Dataset content »
◇ ◇ ◇ ◇ ◇

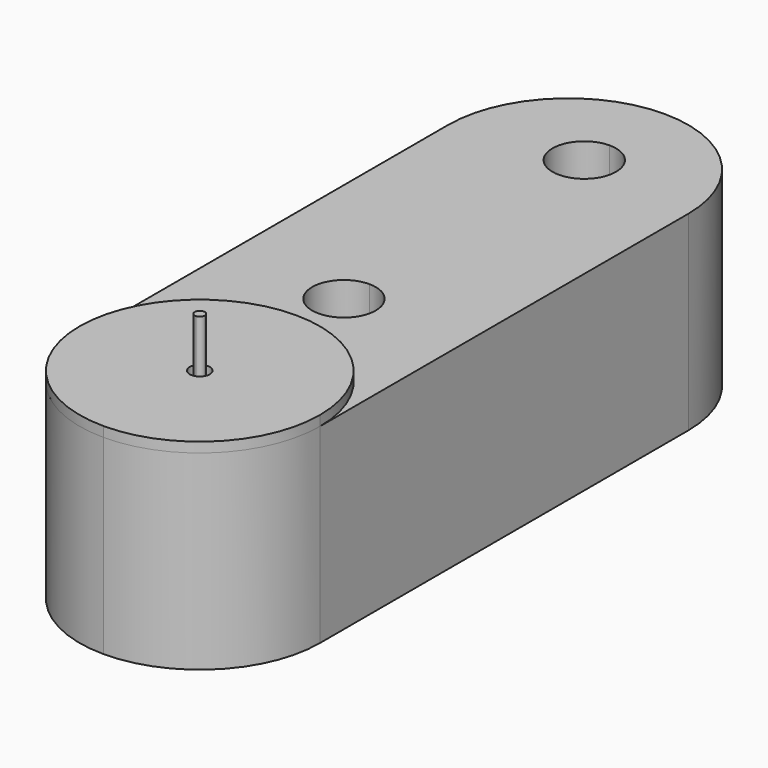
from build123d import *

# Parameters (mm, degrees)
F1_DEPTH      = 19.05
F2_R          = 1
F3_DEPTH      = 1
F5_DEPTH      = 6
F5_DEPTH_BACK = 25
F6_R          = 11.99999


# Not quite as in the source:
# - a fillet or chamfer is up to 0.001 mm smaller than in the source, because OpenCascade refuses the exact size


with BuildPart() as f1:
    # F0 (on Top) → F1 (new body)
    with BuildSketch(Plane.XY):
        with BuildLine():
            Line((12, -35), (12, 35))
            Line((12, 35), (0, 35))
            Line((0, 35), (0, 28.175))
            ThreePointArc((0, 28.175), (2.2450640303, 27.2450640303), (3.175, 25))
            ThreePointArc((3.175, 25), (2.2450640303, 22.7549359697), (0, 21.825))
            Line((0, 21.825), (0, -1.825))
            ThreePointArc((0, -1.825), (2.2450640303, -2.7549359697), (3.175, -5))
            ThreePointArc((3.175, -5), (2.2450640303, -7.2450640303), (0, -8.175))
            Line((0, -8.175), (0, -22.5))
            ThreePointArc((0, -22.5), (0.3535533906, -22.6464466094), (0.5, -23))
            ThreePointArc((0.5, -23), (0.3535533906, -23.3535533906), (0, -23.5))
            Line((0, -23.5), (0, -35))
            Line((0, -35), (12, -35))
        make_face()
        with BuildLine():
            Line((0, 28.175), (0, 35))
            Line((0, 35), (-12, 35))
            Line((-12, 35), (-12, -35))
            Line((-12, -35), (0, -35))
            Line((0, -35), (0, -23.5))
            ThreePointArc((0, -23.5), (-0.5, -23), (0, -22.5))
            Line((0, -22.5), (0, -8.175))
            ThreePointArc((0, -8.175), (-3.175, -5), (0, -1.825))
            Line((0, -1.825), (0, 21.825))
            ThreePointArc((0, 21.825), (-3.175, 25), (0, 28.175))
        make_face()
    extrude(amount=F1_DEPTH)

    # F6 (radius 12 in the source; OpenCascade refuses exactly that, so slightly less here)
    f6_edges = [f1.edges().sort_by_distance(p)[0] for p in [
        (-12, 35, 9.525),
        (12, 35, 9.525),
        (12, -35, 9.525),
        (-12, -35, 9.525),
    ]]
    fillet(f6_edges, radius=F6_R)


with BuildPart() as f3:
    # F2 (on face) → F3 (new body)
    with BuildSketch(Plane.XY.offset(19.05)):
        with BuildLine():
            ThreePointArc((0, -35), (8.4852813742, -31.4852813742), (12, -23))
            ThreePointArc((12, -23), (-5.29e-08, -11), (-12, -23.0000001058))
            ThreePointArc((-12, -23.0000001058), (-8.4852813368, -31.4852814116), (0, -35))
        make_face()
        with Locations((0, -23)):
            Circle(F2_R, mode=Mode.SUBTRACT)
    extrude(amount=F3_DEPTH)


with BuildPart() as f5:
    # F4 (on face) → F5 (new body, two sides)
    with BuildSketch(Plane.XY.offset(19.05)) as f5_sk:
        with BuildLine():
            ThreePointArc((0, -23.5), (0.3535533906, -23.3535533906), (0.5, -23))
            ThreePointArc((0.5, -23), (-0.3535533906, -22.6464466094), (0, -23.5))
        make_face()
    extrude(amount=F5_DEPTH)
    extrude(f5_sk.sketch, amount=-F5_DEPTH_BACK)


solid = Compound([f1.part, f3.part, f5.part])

◇ ◇ ◇ ◇ ◇

Would you quote everything above from the line containing "Line((0, 21.825), (0, -1.825))" down to the line containing "Line((0, -22.5), (0, -8.175))"? Include both of those lines and nothing else.

            Line((0, 21.825), (0, -1.825))
            ThreePointArc((0, -1.825), (2.2450640303, -2.7549359697), (3.175, -5))
            ThreePointArc((3.175, -5), (2.2450640303, -7.2450640303), (0, -8.175))
            Line((0, -8.175), (0, -22.5))
            ThreePointArc((0, -22.5), (0.3535533906, -22.6464466094), (0.5, -23))
            ThreePointArc((0.5, -23), (0.3535533906, -23.3535533906), (0, -23.5))
            Line((0, -23.5), (0, -35))
            Line((0, -35), (12, -35))
        make_face()
        with BuildLine():
            Line((0, 28.175), (0, 35))
            Line((0, 35), (-12, 35))
            Line((-12, 35), (-12, -35))
            Line((-12, -35), (0, -35))
            Line((0, -35), (0, -23.5))
            ThreePointArc((0, -23.5), (-0.5, -23), (0, -22.5))
            Line((0, -22.5), (0, -8.175))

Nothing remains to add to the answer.